Pour la première fois depuis quinze ans, Saïd Bouteflika, le frère cadet du président de la République, sort de son silence. Le conseiller spécial du chef de l’Etat réagit à une lettre que lui a envoyée Hichem Aboud, ancien agent des services secrets, le DRS. Ce dernier interroge Saïd Bouteflika à propos de ses tendances sexuelles et de supposées affaires de corruption.

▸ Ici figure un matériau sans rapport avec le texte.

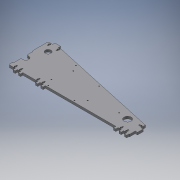
# Autodesk Inventor part: A8-0012
Saved by Autodesk Inventor 2016 SP2 (Build 200236200, 236)
## iProperties
Created: 2017-04-22
Part Number: A8-0012
Material: Generic
Document SubType Name: Modeling
Designer: EV
Density: 1 g/cm^3
Appearance: Default
Author: EV
Autodesk Inventor part; units mm, degrees
ref_plane "YZ Plane" through (0, 0, 0) normal (1, 0, 0) x (0, 1, 0)
sketch "Block1" plane through (0, 0, 0) normal (0, 0, 1) x (1, 0, 0)
  line L0 (-406.7655, -134.7615) -> (-410.2655, -134.7615)
  line L1 (-410.2655, -134.7615) -> (-410.2655, -138.7615)
  line L2 (-410.2655, -138.7615) -> (-411.5155, -138.7615)
  line L3 (-411.5155, -138.7615) -> (-411.5155, -141.7615)
  line L4 (-411.5155, -141.7615) -> (-410.2655, -141.7615)
  line L5 (-410.2655, -141.7615) -> (-410.2655, -146.7615)
  line L6 (-410.2655, -146.7615) -> (-406.7655, -146.7615)
  line L7 (-406.7655, -146.7615) -> (-406.7655, -141.7615)
  line L8 (-406.7655, -141.7615) -> (-405.5155, -141.7615)
  line L9 (-405.5155, -141.7615) -> (-405.5155, -138.7615)
  line L10 (-405.5155, -138.7615) -> (-406.7655, -138.7615)
  line L11 (-406.7655, -138.7615) -> (-406.7655, -134.7615)
  line L12 (-408.5155, -134.7615) -> (-408.5155, -146.7615) construction
  dimension "d28" = 4
  dimension "d29" = 3
  dimension "d30" = 5
  dimension "d31" = 3.5
  dimension "d32" = 6
  measures "d28" distance of L0.end L1.end
  measures "d29" distance of L2.end L3.end
  measures "d30" distance of L4.end L5.end
  measures "d31" distance of L11.end L0.end
  measures "d32" distance between parallel lines of L9 L3
sketch "Sketch1" plane through (0, 0, 0) normal (0, 1, 0) x (-1, 0, 0)
  line L0 (0, 0) -> (0, -12)
  line L1 (0, -12) -> (-3, -15)
  line L2 (0, -137) -> (-15.5, -137)
  line L3 (-15.5, -137) -> (-15.5, -145)
  line L4 (-15.5, -145) -> (-35.5, -145)
  line L5 (-35.5, -145) -> (-35.5, -137)
  line L6 (-35.5, -137) -> (-47.5, -137)
  line L7 (-47.5, -137) -> (-421, -55)
  line L8 (-421, -55) -> (-421, -39.5)
  line L9 (-421, -39.5) -> (-429, -39.5)
  line L10 (-429, -39.5) -> (-429, -19.5)
  line L11 (-429, -19.5) -> (-421, -19.5)
  line L12 (-421, -19.5) -> (-421, 0)
  line L13 (-421, 0) -> (-419, 0)
  line L14 (-419, 0) -> (-419, 8)
  line L15 (-419, 8) -> (-411.5, 8)
  line L16 (-411.5, 8) -> (-411.5, 0)
  line L17 (-411.5, 0) -> (-400, 0)
  line L18 (-400, 0) -> (-400, 8)
  line L19 (-400, 8) -> (-392.5, 8)
  line L20 (-392.5, 8) -> (-392.5, 0)
  line L21 (-392.5, 0) -> (-381, 0)
  line L22 (-381, 0) -> (-381, 8)
  line L23 (-381, 8) -> (-373.5, 8)
  line L24 (-373.5, 8) -> (-373.5, 0)
  line L25 (-373.5, 0) -> (-127.5, 0)
  line L26 (-127.5, 0) -> (-127.5, 8)
  line L27 (-127.5, 8) -> (-120, 8)
  line L28 (-120, 8) -> (-120, 0)
  line L29 (-120, 0) -> (-108.75, 0)
  line L30 (-108.75, 0) -> (-108.75, 8)
  line L31 (-108.75, 8) -> (-101.25, 8)
  line L32 (-101.25, 8) -> (-101.25, 0)
  line L33 (-101.25, 0) -> (-49, 0)
  line L34 (-49, 0) -> (-49, 8)
  line L35 (-49, 8) -> (-41.5, 8)
  line L36 (-41.5, 8) -> (-41.5, 0)
  line L37 (-41.5, 0) -> (-30.25, 0)
  line L38 (-30.25, 0) -> (-30.25, 8)
  line L39 (-30.25, 8) -> (-22.75, 8)
  line L40 (-22.75, 8) -> (-22.75, 0)
  line L41 (-22.75, 0) -> (0, 0)
  line L42 (0, -137) -> (0, -84)
  line L43 (0, -84) -> (-3, -81)
  line L44 (-3, -49.75) -> (-9.75, -49.75) construction
  line L45 (-3, -60) -> (-9.75, -60)
  line L46 (-9.75, -39.5) -> (-3, -39.5)
  arc A0 (-9.75, -39.5) -> (-9.75, -60) centre (-9.75, -49.75) ccw
  line L47 (-3, -81) -> (-3, -60)
  line L48 (-3, -39.5) -> (-3, -15)
  line L49 (-385, 0) -> (-388.5, 0)
  line L50 (-388.5, 0) -> (-388.5, -4)
  line L51 (-388.5, -4) -> (-389.75, -4)
  line L52 (-389.75, -4) -> (-389.75, -7)
  line L53 (-389.75, -7) -> (-388.5, -7)
  line L54 (-388.5, -7) -> (-388.5, -12)
  line L55 (-388.5, -12) -> (-385, -12)
  line L56 (-385, -12) -> (-385, -7)
  line L57 (-385, -7) -> (-383.75, -7)
  line L58 (-383.75, -7) -> (-383.75, -4)
  line L59 (-383.75, -4) -> (-385, -4)
  line L60 (-385, -4) -> (-385, 0)
  line L61 (-386.75, 0) -> (-386.75, -12) construction
  line L62 (-404, 0) -> (-407.5, 0)
  line L63 (-407.5, 0) -> (-407.5, -4)
  line L64 (-407.5, -4) -> (-408.75, -4)
  line L65 (-408.75, -4) -> (-408.75, -7)
  line L66 (-408.75, -7) -> (-407.5, -7)
  line L67 (-407.5, -7) -> (-407.5, -12)
  line L68 (-407.5, -12) -> (-404, -12)
  line L69 (-404, -12) -> (-404, -7)
  line L70 (-404, -7) -> (-402.75, -7)
  line L71 (-402.75, -7) -> (-402.75, -4)
  line L72 (-402.75, -4) -> (-404, -4)
  line L73 (-404, -4) -> (-404, 0)
  line L74 (-405.75, 0) -> (-405.75, -12) construction
  line L75 (-421, -43.5) -> (-421, -47)
  line L76 (-421, -47) -> (-417, -47)
  line L77 (-417, -47) -> (-417, -48.25)
  line L78 (-417, -48.25) -> (-414, -48.25)
  line L79 (-414, -48.25) -> (-414, -47)
  line L80 (-414, -47) -> (-409, -47)
  line L81 (-409, -47) -> (-409, -43.5)
  line L82 (-409, -43.5) -> (-414, -43.5)
  line L83 (-414, -43.5) -> (-414, -42.25)
  line L84 (-414, -42.25) -> (-417, -42.25)
  line L85 (-417, -42.25) -> (-417, -43.5)
  line L86 (-417, -43.5) -> (-421, -43.5)
  line L87 (-421, -45.25) -> (-409, -45.25) construction
  line L88 (-112.625, 0) -> (-116.125, 0)
  line L89 (-116.125, 0) -> (-116.125, -4)
  line L90 (-116.125, -4) -> (-117.375, -4)
  line L91 (-117.375, -4) -> (-117.375, -7)
  line L92 (-117.375, -7) -> (-116.125, -7)
  line L93 (-116.125, -7) -> (-116.125, -12)
  line L94 (-116.125, -12) -> (-112.625, -12)
  line L95 (-112.625, -12) -> (-112.625, -7)
  line L96 (-112.625, -7) -> (-111.375, -7)
  line L97 (-111.375, -7) -> (-111.375, -4)
  line L98 (-111.375, -4) -> (-112.625, -4)
  line L99 (-112.625, -4) -> (-112.625, 0)
  line L100 (-114.375, 0) -> (-114.375, -12) construction
  line L101 (-94.25, 0) -> (-97.75, 0)
  line L102 (-97.75, 0) -> (-97.75, -4)
  line L103 (-97.75, -4) -> (-99, -4)
  line L104 (-99, -4) -> (-99, -7)
  line L105 (-99, -7) -> (-97.75, -7)
  line L106 (-97.75, -7) -> (-97.75, -12)
  line L107 (-97.75, -12) -> (-94.25, -12)
  line L108 (-94.25, -12) -> (-94.25, -7)
  line L109 (-94.25, -7) -> (-93, -7)
  line L110 (-93, -7) -> (-93, -4)
  line L111 (-93, -4) -> (-94.25, -4)
  line L112 (-94.25, -4) -> (-94.25, 0)
  line L113 (-96, 0) -> (-96, -12) construction
  line L114 (-34.125, 0) -> (-37.625, 0)
  line L115 (-37.625, 0) -> (-37.625, -4)
  line L116 (-37.625, -4) -> (-38.875, -4)
  line L117 (-38.875, -4) -> (-38.875, -7)
  line L118 (-38.875, -7) -> (-37.625, -7)
  line L119 (-37.625, -7) -> (-37.625, -12)
  line L120 (-37.625, -12) -> (-34.125, -12)
  line L121 (-34.125, -12) -> (-34.125, -7)
  line L122 (-34.125, -7) -> (-32.875, -7)
  line L123 (-32.875, -7) -> (-32.875, -4)
  line L124 (-32.875, -4) -> (-34.125, -4)
  line L125 (-34.125, -4) -> (-34.125, 0)
  line L126 (-35.875, 0) -> (-35.875, -12) construction
  line L127 (-15.75, 0) -> (-19.25, 0)
  line L128 (-19.25, 0) -> (-19.25, -4)
  line L129 (-19.25, -4) -> (-20.5, -4)
  line L130 (-20.5, -4) -> (-20.5, -7)
  line L131 (-20.5, -7) -> (-19.25, -7)
  line L132 (-19.25, -7) -> (-19.25, -12)
  line L133 (-19.25, -12) -> (-15.75, -12)
  line L134 (-15.75, -12) -> (-15.75, -7)
  line L135 (-15.75, -7) -> (-14.5, -7)
  line L136 (-14.5, -7) -> (-14.5, -4)
  line L137 (-14.5, -4) -> (-15.75, -4)
  line L138 (-15.75, -4) -> (-15.75, 0)
  line L139 (-17.5, 0) -> (-17.5, -12) construction
  line L140 (-11.75, -137) -> (-8.25, -137)
  line L141 (-8.25, -137) -> (-8.25, -133)
  line L142 (-8.25, -133) -> (-7, -133)
  line L143 (-7, -133) -> (-7, -130)
  line L144 (-7, -130) -> (-8.25, -130)
  line L145 (-8.25, -130) -> (-8.25, -125)
  line L146 (-8.25, -125) -> (-11.75, -125)
  line L147 (-11.75, -125) -> (-11.75, -130)
  line L148 (-11.75, -130) -> (-13, -130)
  line L149 (-13, -130) -> (-13, -133)
  line L150 (-13, -133) -> (-11.75, -133)
  line L151 (-11.75, -133) -> (-11.75, -137)
  line L152 (-10, -137) -> (-10, -125) construction
  line L153 (-42.75, -137) -> (-39.25, -137)
  line L154 (-39.25, -137) -> (-39.25, -133)
  line L155 (-39.25, -133) -> (-38, -133)
  line L156 (-38, -133) -> (-38, -130)
  line L157 (-38, -130) -> (-39.25, -130)
  line L158 (-39.25, -130) -> (-39.25, -125)
  line L159 (-39.25, -125) -> (-42.75, -125)
  line L160 (-42.75, -125) -> (-42.75, -130)
  line L161 (-42.75, -130) -> (-44, -130)
  line L162 (-44, -130) -> (-44, -133)
  line L163 (-44, -133) -> (-42.75, -133)
  line L164 (-42.75, -133) -> (-42.75, -137)
  line L165 (-41, -137) -> (-41, -125) construction
  point P0 (-30, -107)
  point P1 (-372, -42)
  point P2 (-132, -5.75)
  point P3 (-223, -5.75)
  point P4 (-119.75, -28.75)
  point P5 (-246, -28.75)
  point P6 (-120, -114)
  point P7 (-223, -92)
  point P8 (-132, -92.75)
  point P9 (-338, -46.75)
  dimension "d0" = 137
  dimension "d2" = 45
  dimension "d3" = 12
  dimension "d4" = 53
  dimension "d5" = 22.75
  dimension "d6" = 7.5
  dimension "d7" = 11.25
  dimension "d8" = 8
  dimension "d9" = 11.25
  dimension "d10" = 11.5
  dimension "d11" = 11.5
  dimension "d12" = 421
  dimension "d13" = 55
  dimension "d14" = 8
  dimension "d15" = 20
  dimension "d16" = 19.5
  dimension "d17" = 101.25
  dimension "d18" = 373.5
  dimension "d19" = 20
  dimension "d20" = 15.5
  dimension "d21" = 8
  dimension "d22" = 47.5
  dimension "d23" = 3
  dimension "d24" = 20.5
  dimension "d26" = 39.5
  dimension "d27" = 17
  dimension "d33" = 4
  dimension "d34" = 3.5
  dimension "d35" = 3.5
  dimension "d36" = 3.75
  dimension "d37" = 3.75
  dimension "d39" = 42
  dimension "d40" = 49
  dimension "d41" = 30
  dimension "d42" = 30
  dimension "d43" = 5.75
  dimension "d44" = 28.75
  dimension "d45" = 46.75
  dimension "d46" = 92
  dimension "d47" = 114
  dimension "d48" = 92.75
  dimension "d49" = 132
  dimension "d50" = 223
  dimension "d51" = 119.75
  dimension "d52" = 246
  dimension "d53" = 338
  dimension "d54" = 132
  dimension "d55" = 223
  dimension "d56" = 120
  constraints: 99 end point, 30 point on line, 26 perpendicular, 16 horizontal, 8 collinear, 6 vertical, 2 horizontal alignment, 2 parallel, 2 point on circle, 2 tangent, 1 centre point
  measures "d0" distance between parallel lines of L2 L41
  measures "d2" angle of L0 L1
  measures "d3" distance of L0.start L0.end
  measures "d4" distance of L2.start L42.end
  measures "d5" distance between parallel lines of L0 L40
  measures "d6" distance of L38.end L39.end
  measures "d7" distance between parallel lines of L36 L38
  measures "d8" distance of L39.end L40.end
  measures "d9" distance between parallel lines of L28 L30
  measures "d10" distance between parallel lines of L20 L22
  measures "d11" distance between parallel lines of L16 L18
  measures "d12" distance between parallel lines of L0 L12
  measures "d13" distance from line of L13 L7.end
  measures "d14" distance of L10.end L11.end
  measures "d15" distance of L9.end L10.end
  measures "d16" distance between parallel lines of L13 L11
  measures "d17" distance between parallel lines of L0 L32
  measures "d18" distance between parallel lines of L0 L24
  measures "d19" distance of L3.end L4.end
  measures "d20" distance between parallel lines of L42 L3
  measures "d21" distance of L2.end L3.end
  measures "d22" distance from line of L6.end L42
  measures "d23" distance between parallel lines of L0 L48
  measures "d24" distance between parallel lines of L45 L46
  measures "d26" distance between parallel lines of L41 L46
  measures "d39" distance from line of point (-372, -42) L25
  measures "d40" distance from line of L12 point (-372, -42)
  measures "d41" distance from line of L42 point (-30, -107)
  measures "d42" distance from line of L2 point (-30, -107)
  measures "d43" distance from line of L25 point (-132, -5.75)
  measures "d44" distance from line of point (-119.75, -28.75) L25
  measures "d45" distance from line of L25 point (-338, -46.75)
  measures "d46" distance from line of L25 point (-223, -92)
  measures "d47" distance from line of L25 point (-120, -114)
  measures "d48" distance from line of L25 point (-132, -92.75)
  measures "d49" distance from line of point (-132, -5.75) L0
  measures "d50" distance from line of point (-223, -5.75) L0
  measures "d51" distance from line of L0 point (-119.75, -28.75)
  measures "d52" distance from line of L0 point (-246, -28.75)
  measures "d53" distance from line of L0 point (-338, -46.75)
  measures "d54" distance from line of L42 point (-132, -92.75)
  measures "d55" distance from line of L42 point (-223, -92)
  measures "d56" distance from line of L42 point (-120, -114)
extrude "Extrusion1" add sketch "Sketch1" along normal blind 8 contours L0 L1 L48 L46 A0 L45 L47 L43 L42 L2 L141 L142 L143 L144 L145 L146 L147 L148 L149 L150 L151 L3 L4 L5 L6 L154 L155 L156 L157 L158 L159 L160 L161 L162 L163 L164 L7 L8 L76 L77 L78 L79 L80 L81 L82 L83 L84 L85 L86 L9 L10 L11 L12 L13 L14 L15 L16 L17 L63 L64 L65 L66 L67 L68 L69 L70 L71 L72 L73 L18 L19 L20 L21 L50 L51 L52 L53 L54 L55 L56 L57 L58 L59 L60 L22 L23 L24 L25 L26 L27 L28 L29 L89 L90 L91 L92 L93 L94 L95 L96 L97 L98 L99 L30 L31 L32 L33 L102 L103 L104 L105 L106 L107 L108 L109 L110 L111 L112 L34 L35 L36 L37 L115 L116 L117 L118 L119 L120 L121 L122 L123 L124 L125 L38 L39 L40 L41 L128 L129 L130 L131 L132 L133 L134 L135 L136 L137 L138
hole "Hole1" at (132, 0, -5.75) at (223, 0, -5.75) at (119.75, 0, -28.75) at (246, 0, -28.75) at (120, 0, -114) at (223, 0, -92) at (132, 0, -92.75) at (338, 0, -46.75) direction (0, 1, 0) diameter 3.5 end through all
hole "Hole2" at (30, 0, -107) direction (0, 1, 0) diameter 20 end through all
hole "Hole3" at (372, 0, -42) direction (0, 1, 0) diameter 25 end through all
fillet "Fillet1" radius 2 8 edges at (0, 4, 0) (0, 4, -12) (3, 4, -15) (3, 4, -81) (0, 4, -84) (0, 4, -137) (3, 4, -60) (3, 4, -39.5)
ref_plane "Work Plane1" through (0, 4, 0) normal (0, 1, 0) x (-1, 0, 0)
ref_plane "Work Plane2" through (405.75, 0, 0) normal (1, 0, 0) x (0, 0, -1)
equation "\"d82\" = 0.5 * THICKNESS"
equation "\"THICKNESS\" = 8"
body "Solid1"

Dans une déclaration au site «Tout sur l’Algérie », le frère du chef de l’Etat juge « inacceptables » les accusations que porte cette lettre. « Les accusations portées dans cette lettre sont tellement graves qu’elles ne touchent plus uniquement à ma personne, mais portent atteinte à tout un peuple qui n’accepterait pas que le frère du Président puisse avoir de tels comportements ». « Je ne vais pas me taire et je vais porter plainte contre Hicham Aboud que j’ai jamais eu à connaître ». « Je n’ai pas à lui répondre et je considère qu’il est comptable devant le peuple algérien », a-t-il dit.
Au-delà de ces déclarations, la sortie de Saïd Bouteflika constitue, en elle-même, une première. Car, en plus d’être civilement frère du chef de l’Etat, Saïd Bouteflika est le conseiller spécial du président de la République ; une fonction qui n’a jamais été officiellement notifiée. Saïd Bouteflika a été désigné par un décret non publiable. De par cette fonction, le frère du chef de l’Etat a réussi à acquérir une influence incroyable sur les appareils de l’Etat. Cette influence s’est accrue depuis la maladie de son frère, d’abord en 2005, puis plus récemment.
Ce qui est étrange, c’est que l’homme, ancien syndicaliste à l’Université de Beb-Ezzouar, n’a jamais pris de position publiquement. Pourtant, les accusations ne manquent pas. Et la vox populi prête à l’homme un pouvoir de faiseur de rois dans le pays. Qu’est-ce qui a changé donc cette fois-ci ? L’élection présidentielle qui est prévue le 17 avril prochain est-elle une donne qui a amené le frère du Président à rompre avec sa discrétion légendaire ? Cherche-t-il à exploiter politiquement ses graves accusations pour les retourner en sa faveur ? A toutes ces questions, Said Bouteflika ne fournit aucune réponse précise.
Mais sa sortie médiatique a eu le mérite de nous éclairer davantage sur le clash qui oppose la Présidence de la République et une partie des officers du DRS. Indirectement, Saïd Bouteflika a réussi à se faire passer pour la victime contre laquelle des anciens du DRS s’acharnent. Une victime qui tente de protéger son honneur et sa dignité en prenant les Algéries à témoin dans cette sale guerre. En réclamant justice, Saïd Bouteflika a rendu public les complots qui se trament dans les coulisses du régime algérien. Tel un chevalier des temps modernes qui prend la « démilitarisation » de l’Algérie à bras le corps, voici l’image que veut nous donner Saïd Bouteflika du clan présidentiel à deux mois de l’élection présidentielle. Est-ce pour cette raison qu’il a accepté de rendre public ces graves allégations de dépravation sexuelle et de corruption ? C’est fort probable. Notons enfin que toutes nos tentatives de contacter le concerné pour le faire réagir et recueillir ses explications se sont avérées vaines.